Supported LTO compression algorithms

That's just for the intermediate object files isn't it? I don't think it should have any effect on the final binary (where lto information gets stripped).

R-Goc commented 2 months ago

Could this be reenabled? This breaks existing build configurations from performance optimized libraries.

ShawSumma commented 2 months ago

This broke my build of MiniVM. It was a simple enough fix, but slowed down the VM's GC significantly.

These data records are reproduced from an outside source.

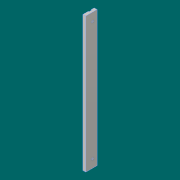
# Autodesk Inventor part: mppcMountClamp
Saved by Autodesk Inventor 2016 (Build 200138000, 138)
## iProperties
Created: 2016-02-18
Part Number: mppcMountClamp
Material: Aluminum 6061
Document SubType Name: Modeling
Designer: Sawaiz
Density: 2.7 g/cm^3
Appearance: Aluminum - Flat
Author: Sawaiz
Autodesk Inventor part; units mm, degrees
ref_plane "YZ Plane" through (0, 0, 0) normal (1, 0, 0) x (0, 1, 0)
ref_plane "XZ Plane" through (0, 0, 0) normal (0, 1, 0) x (-1, 0, 0)
ref_plane "XY Plane" through (0, 0, 0) normal (0, 0, 1) x (1, 0, 0)
sketch "Sketch1" plane through (0, 0, 0) normal (0, 1, 0) x (-1, 0, 0)
  line L0 (-5.7, -114) -> (5.7, -114)
  line L1 (5.7, -114) -> (5.7, 114)
  line L2 (5.7, 114) -> (-5.7, 114)
  line L3 (-5.7, 114) -> (-5.7, -114)
  line L4 (-5.7, -114) -> (5.7, 114) construction
  line L5 (5.7, -114) -> (-5.7, 114) construction
  line L6 (-12.5, -150) -> (12.5, -150)
  line L7 (12.5, -150) -> (12.5, 150)
  line L8 (12.5, 150) -> (-12.5, 150)
  line L9 (-12.5, 150) -> (-12.5, -150)
  line L10 (-12.5, -150) -> (12.5, 150) construction
  line L11 (12.5, -150) -> (-12.5, 150) construction
  point P0 (0, 0)
  dimension "d0" = 11.4
  dimension "d1" = 228
  dimension "d2" = 300
  dimension "d3" = 25
  constraints: 24 end point, 4 midpoint, 4 parallel, 2 horizontal, 2 perpendicular
  measures "d0" distance of L1.end L2.end
  measures "d1" distance between parallel lines of L0 L2
  measures "d2" distance of L6.end L7.end
  measures "d3" distance of L7.end L8.end
extrude "Extrusion1" add sketch "Sketch1" along normal blind 6.35
sketch "Sketch2" plane through (0, 6.35, 0) normal (0, 1, 0) x (1, 0, 0)
  line L0 (5.7, 114) -> (5.7, -114) projected
  line L1 (5.7, -114) -> (-5.7, -114) projected
  line L2 (-5.7, -114) -> (-5.7, 114) projected
  line L3 (-5.7, 114) -> (5.7, 114) projected
  line L4 (12.5, 150) -> (-12.5, 150) projected
  line L5 (-12.5, 150) -> (-12.5, -150) projected
  line L6 (-12.5, -150) -> (12.5, -150) projected
  line L7 (12.5, -150) -> (12.5, 150) projected
  point P0 (0, 0)
extrude "Extrusion2" add sketch "Sketch2" against normal blind 3.175 contours L0 L1 L2 L3
sketch "Sketch3" plane through (0, 0, 0) normal (0, -1, 0) x (1, 0, 0)
  line L0 (5.7, 114) -> (5.7, -114) projected
  line L1 (5.7, -114) -> (-5.7, -114) projected
  line L2 (-5.7, -114) -> (-5.7, 114) projected
  line L3 (-5.7, 114) -> (5.7, 114) projected
  line L4 (12.5, -150) -> (-12.5, -150) projected
  line L5 (12.5, 150) -> (12.5, -150) projected
  line L6 (-12.5, 150) -> (12.5, 150) projected
  line L7 (-12.5, -150) -> (-12.5, 150) projected
  point P0 (0, 0)
  point P1 (-2.5, -132)
  dimension "d8" = 18
  dimension "d36" = 10
  measures "d8" distance from line of L4 point (-2.5, -132)
  measures "d36" distance from line of L7 point (-2.5, -132)
hole "Hole1" at (-2.5, 0, -132) direction (0, 1, 0) diameter 4.134 depth 14.2 tip angle 118 thread size "M5x0.8" class "6H" standard "ANSI Metric M Profile"
sketch "Sketch4" plane through (0, 0, 0) normal (0, -1, 0) x (1, 0, 0)
  circle A0 centre (-2.5, -132) radius 2.067 projected
  line L0 (5.7, 114) -> (5.7, -114) projected
  line L1 (5.7, -114) -> (-5.7, -114) projected
  line L2 (-5.7, -114) -> (-5.7, 114) projected
  line L3 (-5.7, 114) -> (5.7, 114) projected
  line L4 (12.5, -150) -> (-12.5, -150) projected
  line L5 (12.5, 150) -> (12.5, -150) projected
  line L6 (-12.5, 150) -> (12.5, 150) projected
  line L7 (-12.5, -150) -> (-12.5, 150) projected
  line L8 (-5.675, -150) -> (0.675, -150)
  line L9 (0.675, -150) -> (0.675, -124.6)
  line L10 (0.675, -124.6) -> (-5.675, -124.6)
  line L11 (-5.675, -124.6) -> (-5.675, -150)
  line L12 (-2.5, -124.6) -> (-2.5, -132) construction
  point P0 (0, 0)
  dimension "d17" = 6.35
  dimension "d18" = 25.4
  constraints: 10 end point, 2 parallel, 1 horizontal, 1 midpoint, 1 perpendicular, 1 point on line, 1 vertical
  measures "d17" distance of L9.end L10.end
  measures "d18" distance between parallel lines of L4 L10
extrude "Extrusion3" cut sketch "Sketch4" against normal blind 1.5875 contours L4 L11 L10 L9
fillet "Fillet1" radius 3.175 2 edges at (-5.675, 0.7937, -124.6) (0.675, 0.7937, -124.6)
mirror "Mirror1" about plane through (0, 0, 0) normal (0, 0, 1) of "Hole1", "Extrusion3", "Fillet1"
sketch "Sketch7" plane through (0, 0, 0) normal (0, -1, 0) x (1, 0, 0)
  line L0 (5.7, 114) -> (5.7, -114) projected
  line L1 (5.7, -114) -> (-5.7, -114) projected
  line L2 (-5.7, -114) -> (-5.7, 114) projected
  line L3 (-5.7, 114) -> (5.7, 114) projected
  line L4 (0.675, 150) -> (0.675, 127.775) projected
  arc A0 (-5.675, 127.775) -> (0.675, 127.775) centre (-2.5, 127.775) ccw projected
  line L5 (-5.675, 127.775) -> (-5.675, 150) projected
  line L6 (-12.5, 150) -> (-5.675, 150) projected
  line L7 (-12.5, -150) -> (-12.5, 150) projected
  line L8 (-5.675, -150) -> (-12.5, -150) projected
  line L9 (-5.675, -150) -> (-5.675, -127.775) projected
  arc A1 (0.675, -127.775) -> (-5.675, -127.775) centre (-2.5, -127.775) ccw projected
  line L10 (0.675, -127.775) -> (0.675, -150) projected
  line L11 (12.5, -150) -> (0.675, -150) projected
  line L12 (12.5, 150) -> (12.5, -150) projected
  line L13 (0.675, 150) -> (12.5, 150) projected
  line L14 (-5.7, 114) -> (5.7, 114) projected
  arc A2 (5.7, 114) -> (-5.7, 114) centre (0, 114) ccw
  line L15 (-5.7, -114) -> (-5.7, 114) projected
  arc A3 (-5.7, -114) -> (5.7, -114) centre (0, -114) ccw
  line L16 (5.7, 114) -> (5.7, -114) projected
  point P0 (0, 0)
  constraints: 4 point on circle, 2 centre point, 2 tangent
extrude "Extrusion5" cut sketch "Sketch7" against normal up to surface (3.175 mm away) contours L3 A2 | A3 L1
equation "\"d0\" = 2 * rubberizedCoating + ScintillatorWidth + 2 * silveringThickness"
equation "\"d1\" = 20 * d0"
equation "\"d4\" = mppcMountDepth"
equation "\"d6\" = 0.5 * mppcMountDepth"
equation "\"silveringThickness\" = 0.2"
equation "\"rubberizedCoating\" = 0.5"
equation "\"mppcMountDepth\" = 6.35"
equation "\"OpticalFiberDiameter\" = 1"
equation "\"OpticalFiberClearence\" = 0.1"
equation "\"ScintillatorEdgeClearence\" = 3"
equation "\"ShallowTrackDepth\" = 1.2"
equation "\"DeepTrackDepth\" = 5.6"
equation "\"FiberEdgeOffsett\" = 5"
equation "\"LoopLargeTrackRatio\" = 1.1"
equation "\"FiberSensorClerence\" = 0.5"
equation "\"MountingScrewOffsett\" = 9"
equation "\"ScintillatorWidth\" = 10"
body "Solid1"
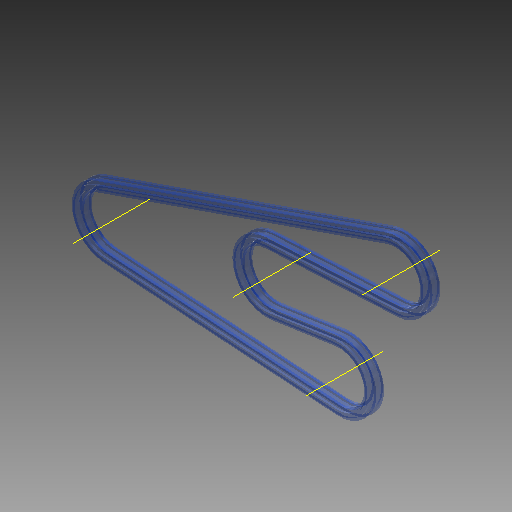
# Autodesk Inventor part: Roller Chain
Saved by Autodesk Inventor 2017 (Build 210142000, 142)
## iProperties
Created: 2016-10-08
Part Number: Roller Chain
Material: Generic
Document SubType Name: Modeling
Designer: gus
Density: 1 g/cm^3
Appearance: Clear - Blue
Mass: 23.536 g
Surface Area: 237.721 cm^2
Volume: 23.536 cm^3
CustomPartVersion: 1
Author: gus
Autodesk Inventor part; units mm, degrees
ref_plane "Work Plane2" through (-98.8573, -20.95, 0) normal (-1, 0, 0) x (0, 0, 1)
ref_plane "Work Plane3" through (44.5845, -30.4224, 0) normal (0.9920776, 0.1256263, 0) x (0, 0, 1)
ref_plane "Work Plane4" through (0, 0, 0) normal (0.995421, -0.0955883, 0) x (0, 0, 1)
ref_plane "Work Plane5" through (79.1543, 40.5989, 0) normal (0.9621844, 0.272399, 0) x (0, 0, 1)
sketch "Path" plane through (0, 0, 0) normal (0, 0, 1) x (1, 0, 0)
  arc A0 (-104.8321, -3.6697) -> (-100.0621, -39.1944) centre (-98.8573, -20.95) ccw
  arc A1 (43.3797, -48.6668) -> (41.9321, -12.3317) centre (44.5845, -30.4224) ccw
  arc A2 (-0.9192, 18.261) -> (2.6524, -18.0907) centre (0, 0) ccw
  arc A3 (80.0735, 22.3379) -> (73.1795, 57.8792) centre (79.1543, 40.5989) ccw
  line L0 (73.1795, 57.8792) -> (-104.8321, -3.6697)
  line L1 (-100.0621, -39.1944) -> (43.3797, -48.6668)
  line L2 (41.9321, -12.3317) -> (2.6524, -18.0907)
  line L3 (-0.9192, 18.261) -> (80.0735, 22.3379)
  constraints: 8 end point, 8 point on circle, 4 centre point
ref_plane "Section Plane" through (-104.8321, -3.6697, 0) normal (-0.9451017, -0.3267764, 0) x (0, 0, 1)
sketch "Section Sketch" plane through (-104.8321, -3.6697, 0) normal (-0.9451017, -0.3267764, 0) x (0, 0, 1)
  line L0 (-4.318, -1.1494) -> (4.318, -1.1494)
  line L1 (4.318, -1.1494) -> (4.318, 1.1494)
  line L2 (4.318, 1.1494) -> (-4.318, 1.1494)
  line L3 (-4.318, 1.1494) -> (-4.318, -1.1494)
  line L4 (-1.5875, -1.651) -> (1.5875, -1.651)
  line L5 (1.5875, -1.651) -> (1.5875, 1.651)
  line L6 (1.5875, 1.651) -> (-1.5875, 1.651)
  line L7 (-1.5875, 1.651) -> (-1.5875, -1.651)
  line L8 (-1.5875, 0) -> (1.5875, 0) construction
  line L9 (-3.1115, -2.9972) -> (-1.5875, -2.9972)
  line L10 (-1.5875, -2.9972) -> (-1.5875, 2.9972)
  line L11 (-1.5875, 2.9972) -> (-3.1115, 2.9972)
  line L12 (-3.1115, 2.9972) -> (-3.1115, -2.9972)
  line L13 (1.5875, -2.9972) -> (3.1115, -2.9972)
  line L14 (3.1115, -2.9972) -> (3.1115, 2.9972)
  line L15 (3.1115, 2.9972) -> (1.5875, 2.9972)
  line L16 (1.5875, 2.9972) -> (1.5875, -2.9972)
  line L17 (-4.318, 0) -> (4.318, 0) construction
  point P0 (0, 0)
  point P1 (0, 0)
  dimension "d21" = 2.2987
  dimension "d22" = 3.302
  dimension "d23" = 3.175
  dimension "d24" = 1.524
  dimension "d31" = 5.9944
  dimension "d32" = 8.636
  constraints: 36 end point, 8 midpoint, 8 parallel, 4 horizontal, 4 perpendicular, 3 collinear, 1 coincident, 1 other
  measures "d21" distance between parallel lines of L2 L0
  measures "d22" distance between parallel lines of L6 L4
  measures "d23" distance between parallel lines of L5 L7
  measures "d24" distance between parallel lines of L12 L10
  measures "d31" distance between parallel lines of L11 L9
  measures "d32" distance between parallel lines of L1 L3
sweep "Solid" add profiles "Section Sketch" path "Path"
pattern_of_one "Strand Pattern"
equation "\"d21\" = da_d2"
equation "\"d22\" = da_d1"
equation "\"d23\" = da_b1"
equation "\"d24\" = da_t1 + da_t2"
equation "\"d30\" = da_pt"
equation "\"da_p\" = 6.35"
equation "\"da_b1\" = 3.175"
equation "\"da_h2\" = 5.9944"
equation "\"da_h3\" = 5.207"
equation "\"da_d1\" = 3.302"
equation "\"da_d2\" = 2.2987"
equation "\"da_pt\" = 6.4008"
equation "\"da_b\" = 8.636"
equation "\"da_t1\" = 0.762"
equation "\"da_t2\" = 0.762"
body "Solid1"
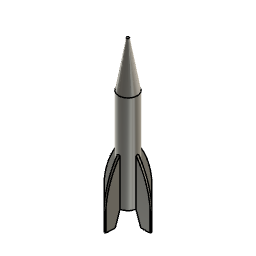
auk3 v2 (Autodesk Fusion 360 design; units mm, degrees)
Autodesk Fusion 360 part; units mm, degrees
sketch "Sketch1" plane through (0, 0, 0) normal (0, 0, 1) x (1, 0, 0)
  circle A0 centre (0, 0) radius 14
  circle A1 centre (0, 0) radius 20
  line L0 (-19.8298, 2.6034) -> (-49.02, 2.0196)
  line L1 (-19.8298, -2.6034) -> (-49.02, -2.0196)
  line L2 (-50, 1.0198) -> (-50, -1.0198)
  arc A2 (-49.02, 2.0196) -> (-50, 1.0198) centre (-49, 1.0198) ccw
  arc A3 (-50, -1.0198) -> (-49.02, -2.0196) centre (-49, -1.0198) ccw
  line L3 (-2.6034, -19.8298) -> (-2.0196, -49.02)
  line L4 (-1.0198, -50) -> (1.0198, -50)
  arc A4 (-2.0196, -49.02) -> (-1.0198, -50) centre (-1.0198, -49) ccw
  arc A5 (1.0198, -50) -> (2.0196, -49.02) centre (1.0198, -49) ccw
  line L5 (2.6034, -19.8298) -> (2.0196, -49.02)
  line L6 (19.8298, -2.6034) -> (49.02, -2.0196)
  line L7 (50, -1.0198) -> (50, 1.0198)
  arc A6 (49.02, -2.0196) -> (50, -1.0198) centre (49, -1.0198) ccw
  arc A7 (50, 1.0198) -> (49.02, 2.0196) centre (49, 1.0198) ccw
  line L8 (19.8298, 2.6034) -> (49.02, 2.0196)
  line L9 (2.6034, 19.8298) -> (2.0196, 49.02)
  line L10 (1.0198, 50) -> (-1.0198, 50)
  arc A8 (2.0196, 49.02) -> (1.0198, 50) centre (1.0198, 49) ccw
  arc A9 (-1.0198, 50) -> (-2.0196, 49.02) centre (-1.0198, 49) ccw
  line L11 (-2.6034, 19.8298) -> (-2.0196, 49.02)
  dimension "d1" = 28
  dimension "d2" = 40
  dimension "d3" = 1
  dimension "d5" = 360
  constraint coincident A0.centre A1.centre
  constraint concentric A0 A1
  constraint vertical L2
  constraint coincident A1 L0.start
  constraint coincident A1 L1.start
  constraint tangent L0 A2
  constraint tangent L2 A2
  constraint tangent L1 A3
  constraint tangent L2 A3
  constraint equal A2 A3
  measures "d1" diameter of A0
  measures "d2" diameter of A1
  measures "d3" radius of A2
extrude "Extrude1" add sketch "Sketch1" along normal blind 130
extrude "Extrude2" cut sketch "Sketch1" along normal blind 30 contours A1
sketch "Sketch2" plane through (0, 0, 130) normal (0, 0, 1) x (-1, 0, 0)
  circle A0 centre (0, 0) radius 14
  line L0 (19.8298, -2.6034) -> (49.02, -2.0196)
  arc A1 (49.02, -2.0196) -> (50, -1.0198) centre (49, -1.0198) ccw
  line L1 (50, -1.0198) -> (50, 1.0198)
  arc A2 (50, 1.0198) -> (49.02, 2.0196) centre (49, 1.0198) ccw
  line L2 (49.02, 2.0196) -> (19.8298, 2.6034)
  arc A3 (19.8298, 2.6034) -> (2.6034, 19.8298) centre (0, 0) ccw
  line L3 (2.6034, 19.8298) -> (2.0196, 49.02)
  arc A4 (2.0196, 49.02) -> (1.0198, 50) centre (1.0198, 49) ccw
  line L4 (1.0198, 50) -> (-1.0198, 50)
  arc A5 (-1.0198, 50) -> (-2.0196, 49.02) centre (-1.0198, 49) ccw
  line L5 (-2.0196, 49.02) -> (-2.6034, 19.8298)
  arc A6 (-2.6034, 19.8298) -> (-19.8298, 2.6034) centre (0, 0) ccw
  line L6 (-19.8298, 2.6034) -> (-49.02, 2.0196)
  arc A7 (-49.02, 2.0196) -> (-50, 1.0198) centre (-49, 1.0198) ccw
  line L7 (-50, 1.0198) -> (-50, -1.0198)
  arc A8 (-50, -1.0198) -> (-49.02, -2.0196) centre (-49, -1.0198) ccw
  line L8 (-49.02, -2.0196) -> (-19.8298, -2.6034)
  arc A9 (-19.8298, -2.6034) -> (-2.6034, -19.8298) centre (0, 0) ccw
  line L9 (-2.6034, -19.8298) -> (-2.0196, -49.02)
  arc A10 (-2.0196, -49.02) -> (-1.0198, -50) centre (-1.0198, -49) ccw
  line L10 (-1.0198, -50) -> (1.0198, -50)
  arc A11 (1.0198, -50) -> (2.0196, -49.02) centre (1.0198, -49) ccw
  line L11 (2.0196, -49.02) -> (2.6034, -19.8298)
  arc A12 (2.6034, -19.8298) -> (19.8298, -2.6034) centre (0, 0) ccw
  circle A13 centre (0, 0) radius 14
  circle A14 centre (0, 0) radius 20
  constraint concentric A0 A13
  constraint concentric A0 A14
extrude "Extrude3" add sketch "Sketch2" along normal blind 30 contours A3 A6 A9 A12 A14
sketch "Sketch3" plane through (0, 0, 0) normal (0, 1, 0) x (1, 0, 0)
  arc A0 (20, -130) -> (50, -30) centre (-122.2891, -32.8133) ccw
  line L0 (20, -130) -> (20, -155)
  line L1 (20, -155) -> (75, -155)
  line L2 (75, -155) -> (75, -30)
  line L3 (75, -30) -> (50, -30)
  constraint vertical L0
  constraint perpendicular L0 L1
  constraint perpendicular L1 L2
  constraint perpendicular L0 L3
revolve "Revolve1" cut sketch "Sketch3" angle 360 about axis through (0, 0, 1.75) along (0, 0, 1)
sketch "Sketch4" plane through (0, 0, 0) normal (0, 1, 0) x (1, 0, 0)
  line L0 (-20, -30) -> (-30, 0)
  line L1 (-30, 0) -> (0, 0)
  line L2 (0, 0) -> (0, -30)
  line L3 (0, -30) -> (-20, -30)
  constraint coincident L1.end L2.start
  constraint horizontal L1
  constraint perpendicular L1 L2
  constraint perpendicular L2 L3
revolve "Revolve2" cut sketch "Sketch4" angle 360 about axis through (0, 0, 0) along (0, 0, 1)
sketch "Sketch5" plane through (0, 0, 160) normal (0, 0, 1) x (-1, 0, 0)
  circle A0 centre (0, 0) radius 14
  circle A1 centre (0, 0) radius 20
  circle A2 centre (0, 0) radius 20
  constraint concentric A0 A2
extrude "Extrude4" add sketch "Sketch5" along normal blind 80 contours A0 | A1 A2
extrude "Extrude5" add 1 faces at (-6.9042, -3.3249, 240) along direction (0, 0, 1) blind 100 draft -10
fillet "Fillet1" radius 2 1 edges at (2.2071, -0.8561, 340)

Peter0x44 commented 2 weeks ago

I wanted to experiment with this again, so I went to build an lto-enabled w64devkit for my own usage, but it had some minor problems. Simply doing:

$ sed -i /--disable-lto/d Dockerfile

Resulted in ar being broken for LTO usages.

$ cat square.c
int square(int x) { return x*x; }
$ cat test.c
#include <stdio.h>

int square(int);

int main(void)
{
        printf("%d squared is %d", 4, square(4));
}
$ gcc -flto -c square.c
$ ar rcs  libsquare.a square.o
ar: square.o: plugin needed to handle lto object

libsquare.a was still created, but linking it did not work

$ gcc test.c libsquare.a
C:/programming/toolchains/w64devkit/bin/ld.exe: C:\Users\peter\AppData\Local\Temp\ccUerGLN.o:test.c:(.text+0x67): undefined reference to `square'
collect2.exe: error: ld returned 1 exit status

gcc-ar however, did work correctly.

What fixed it was copying w64devkit\libexec\gcc\x86_64-w64-mingw32\14.2.0\liblto_plugin.dll to w64devkit\lib\bfd-plugins\liblto_plugin.dll

I suspect this has to do with the strange way gcc is configured by w64devkit https://github.com/skeeto/w64devkit/blob/8ea0fee87c88b27316ffcf9e0d1ef0caa4cc8a91/Dockerfile#L256-L257 with the sysroot having $ARCH at the end of it

I did not have time to test any theories relating to this, but perhaps @skeeto might have some ideas. I haven't found this to be necessary in my own experiments building mingw-w64 toolchains outside of w64devkit.